Which, in a sense, he was. Lord Martin DuJournal was Isabelle’s nom de plume, her key into the back door of the forbidden world of empirical philosophy. Three years ago she had made herself the patron of the fictional lord and published several mathematical treatises in his name, including The Epistles of a Mathelogician, in which she imagined him as a swashbuckling sleuth of numbers.
DuJournal’s work had been very well received by the intelligentsia on Craton Massif, both for its literary content and for the fact that it resolved two outstanding problems in aethermechanical computation. Much to her delight, his works had even been reprinted by the major universities. That in turn brought in enough money to allow Isabelle to invite Professor Henswort to present his proposed solution to Agimestes’s Final Theorem, a fiendishly difficult problem of multiple symmetries.
Still tongue-tied, Isabelle made a helpless gesture, but Jean-Claude broke in smoothly. “Strewth! I forgot to tell you. I saw DuJournal getting on a ship, I did. Said something about the war. Said he was hunting the Great Alagor—Algae—”
“Algorithm.” The word popped out past the blockade in Isabelle’s throat.
“Thassit,” Jean-Claude said. “Don’t know how he’ll bag it, though. Didn’t take any guns.”
Henswort gave Jean-Claude such a stymied look that Isabelle feared the musketeer had overshot his joke.

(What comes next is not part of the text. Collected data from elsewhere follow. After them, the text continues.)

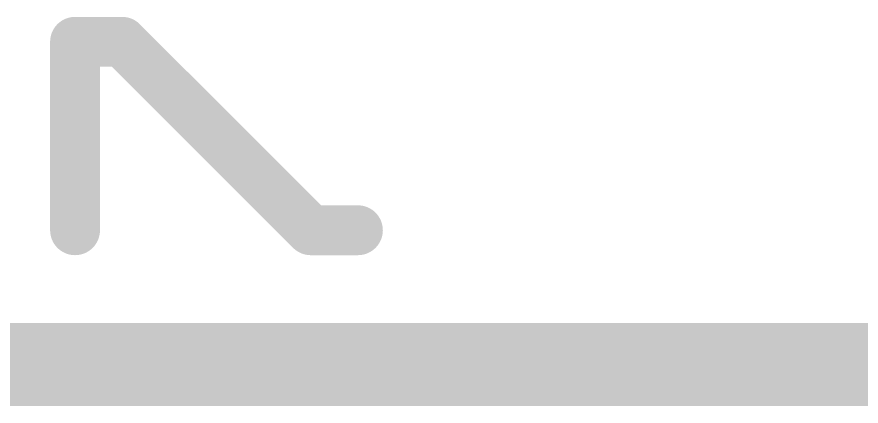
# Model space of a CAD drawing. Extents: x -15.6 to 82.7, y -6.5 to 54.7.
# Drawn here: x 36.22 to 38.799, y 48.133 to 49.323 of the extents above; entities that cross this region are included whole.
import ezdxf

# ---------------------------------------------------------------- set-up
doc = ezdxf.new("R2010")
doc.units = 0
doc.layers.add('16', color=132, linetype='CONTINUOUS')
doc.layers.add('21', color=41, linetype='CONTINUOUS')

msp = doc.modelspace()

# ---------------------------------------------------------------- linework, layer by layer
at = {"layer": '16', "const_width": 0.254}
msp.add_lwpolyline([(5.08, 48.26), (67.31, 48.26)], dxfattribs=at)
at = {"layer": '21', "const_width": 0.1524}
for points in [[(36.3975, 48.6707), (36.3975, 49.2469)], [(36.3975, 49.2469), (36.5415, 49.2469)], [(36.5415, 49.2469), (37.1177, 48.6707)], [(37.1177, 48.6707), (37.2618, 48.6707)]]:
    msp.add_lwpolyline(points, dxfattribs=at)
at = {"layer": '21', "const_width": 0.0762}
for points in [[(36.4356, 49.2469, 1), (36.3594, 49.2469)], [(36.3975, 49.285, 1), (36.3975, 49.2088)], [(36.5685, 49.2738, 1), (36.5146, 49.22)], [(36.5415, 49.2088, 1), (36.5415, 49.285)], [(37.1177, 48.7088, 1), (37.1177, 48.6326)], [(37.0908, 48.6437, 1), (37.1447, 48.6976)], [(37.2618, 48.6326, 1), (37.2618, 48.7088)], [(36.3594, 48.6707, 1), (36.4356, 48.6707)]]:
    msp.add_lwpolyline(points, format="xyb", dxfattribs=at)

doc.saveas('drawing.dxf')

She lined up five words and pushed them out the hatch before they could protest. “DuJournal begs you carry on.”
Henswort looked mildly crestfallen. “Ah. Of course.” Then he recalled his social duties. “My thanks to you, Princess, for agreeing to publish my proof.”
“My pleasure,” she said, and that much was absolutely true.
Unfortunately, Isaac did not seem to consider his obligations faithfully discharged, because he went on, “And give my regards to your family. I trust your father is doing well.”
“Dying,” Isabelle said. “Red consumption.” It was a malady unique to the Sanguinaire, a prolonged and excruciating death. And good riddance to him … except it would also be the end of Marie. And would that not be best all round? There was no cure for being a bloodhollow—Isabelle had scoured every source she could obtain on that topic—and if there was no cure, wasn’t Isabelle keeping her alive only because all the alternatives were worse?